Module b1_syscalls

Help

Expand description

§BST - A1: System Calls

The goal of the BST lecture is to introduce vertical and horizontal isolation to protect the RStuBS kernel from applications and also applications from each other. In this first assignment, we focus on vertical isolation (horizontal isolation will be the topic of the next assignment).

Vertical isolation protects the kernel from the user by preventing it from using certain privileged instructions (like cli/sti). For this, CPUs contain multiple execution modes: a kernel mode (ring 0) with the whole instructions set and a user mode (ring 3) where some instructions are not available. In RStuBS, we have to implement this mode- or ring-switch manually.

For specific privileged operations, we will also implement a syscall API.

§Moving Applications to Ring 3

The x86 (IA32) architecture specifies four privilege levels (rings), but we only require ring 0 (kernel) and ring 3 (user). In the first step, the system should be adapted so that the code of the applications is always executed on ring 3 and only the handling of interrupts (especially time-slice scheduling interrupts) takes place on the privileged ring 0. Only in the second step, an interface for system calls is introduced, which allows for a synchronous entry into the kernel to execute privileged operations.

§Privilege Levels and the GDT

These privilege levels (rings) are directly related to segmentation on x86. The “Global Descriptor Table” (GDT) contains a list of segments that specify a memory region and a corresponding privilege level (ring). The CPU uses these segments for all memory accesses. For this, the CPU has specific registers: the code segment (CS), stack segment (SS), and data segment (DS). They are used implicitly to perform the corresponding memory accesses. An access into a segment is only valid if the pointer is smaller than its size and the CPU has the correct privilege level.

The manual differentiates between three Privilege Levels:

CPL: Current Privilege Level (in current CS of the CPU)
RPL: Requestor Privilege Level (in DS, SS of the CPU or instruction)
DPL: Descriptor Privilege Level (in GDT descriptor)

Depending on the segment, the access is only valid if CPL <= RPL <= DPL (DS) or CPL == RPL == DPL (CS, SS).

For operation in ring 3, we have to add two new entries to the GDT. They define the code and data/stack segments for the user mode. For now, we configure them with access to the entire address space (this will be tackled in the next assignment).

§Switching Between Rings

Now we have enabled the user mode, but how do we switch between Rings?
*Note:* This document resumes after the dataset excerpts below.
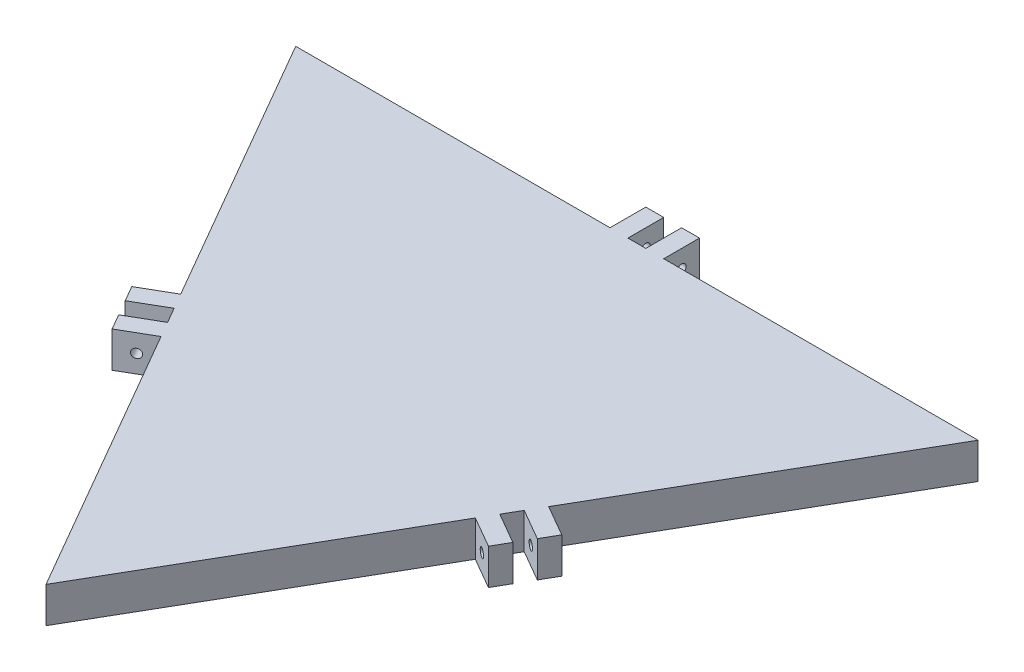
from build123d import *

# Parameters (mm, degrees)
BOSS_EXTRUDE1_DEPTH = 20
SKETCH3_W           = 10
SKETCH3_H           = 20
BOSS_EXTRUDE2_DEPTH = 20
SKETCH4_R           = 2.5
CUT_EXTRUDE1_DEPTH  = 30


with BuildPart() as part:
    # Sketch2 → Boss-Extrude1 (new body)
    with BuildSketch(Plane(origin=(0, 0, 0), x_dir=(1, 0, 0), z_dir=(0, 1, 0))):
        Polygon((-190.55, 110.014093794), (190.55, 110.014093794), (0, -220.028187588), align=None)
    extrude(amount=BOSS_EXTRUDE1_DEPTH)

    # Sketch3 → Boss-Extrude2 (add)
    with BuildSketch(Plane(origin=(95.275, 0, 55.007046897), x_dir=(0.5, 0, -0.866025404), z_dir=(0.866025404, 0, 0.5))):
        with Locations((-10, 10)):
            Rectangle(SKETCH3_W, SKETCH3_H)
        with Locations((10, 10)):
            Rectangle(SKETCH3_W, SKETCH3_H)
    boss_extrude2 = extrude(amount=BOSS_EXTRUDE2_DEPTH)

    # Sketch4 → Cut-Extrude1 (cut)
    with BuildSketch(Plane(origin=(-7.5, 0, 12.990381057), x_dir=(0.866025404, 0, 0.5), z_dir=(-0.5, 0, 0.866025404))):
        with Locations((120.014093794, 10)):
            Circle(SKETCH4_R)
    cut_extrude1 = extrude(amount=-CUT_EXTRUDE1_DEPTH, mode=Mode.SUBTRACT)

    # Mirror1: Boss-Extrude2, Cut-Extrude1 across plane
    add(boss_extrude2.mirror(Plane(origin=(0, 0, 0), x_dir=(-0.866025404, 0, 0.5), z_dir=(0.5, 0, 0.866025404))))
    add(cut_extrude1.mirror(Plane(origin=(0, 0, 0), x_dir=(-0.866025404, 0, 0.5), z_dir=(0.5, 0, 0.866025404))), mode=Mode.SUBTRACT)

    # Mirror1 at the second plane: Boss-Extrude2, Cut-Extrude1 across plane
    add(boss_extrude2.mirror(Plane(origin=(0, 0, 0), x_dir=(0, 0, 1), z_dir=(1, 0, 0))))
    add(cut_extrude1.mirror(Plane(origin=(0, 0, 0), x_dir=(0, 0, 1), z_dir=(1, 0, 0))), mode=Mode.SUBTRACT)


solid = part.part

We generally have three different ring switches:

The initial switch to ring 3 for an application
The switch to ring 0 for interrupts and syscalls
The switch back to ring 3 after an interrupt or syscall

Switch (1) and (2) have to be implemented manually, and switch (3) is done automatically by the CPU as part of iretd.

The third new GDT entry, the Task State Segment Descriptor, has to be added for the switch from user to kernel during interrupt handling. Usually, the CPU automatically switches to ring 0 if an interrupt is triggered. However, we have one problem: the stack. We generally do not want our interrupt handlers to rely on the user stack. Thus, the stack pointer (esp) and segment (SS) must be switched to a separate kernel stack before the IRQ and restored back to the user stack afterward. Configuring the interrupt stack requires the use of x86 hardware tasks as a workaround. These are configured with a TaskStateSegment. This TSS provides the kernel stack pointer (esp0) and stack segment (ss0) for ring 0 when an interrupt occurs.

To summarize:

Create a new TSS descriptor
Implement the layout of the TaskStateSegment (we only need ss0 and esp0)
Load the TSS (load_tss) during boot

Note: The structures of these descriptors are described in the third volume of the three-part IA-32 Developer’s Guide in the sections “Segment Descriptors” (3.4.5) and “Task Management Data Structures” (7.2.2).

§User/Kernel Stack Implementation

Now, how do we use this TaskStateSegment?

The goal is to have unique kernel and user stacks for each thread. The Thread already contains a kernel stack pointer, so you only have to add a new user stack to user threads.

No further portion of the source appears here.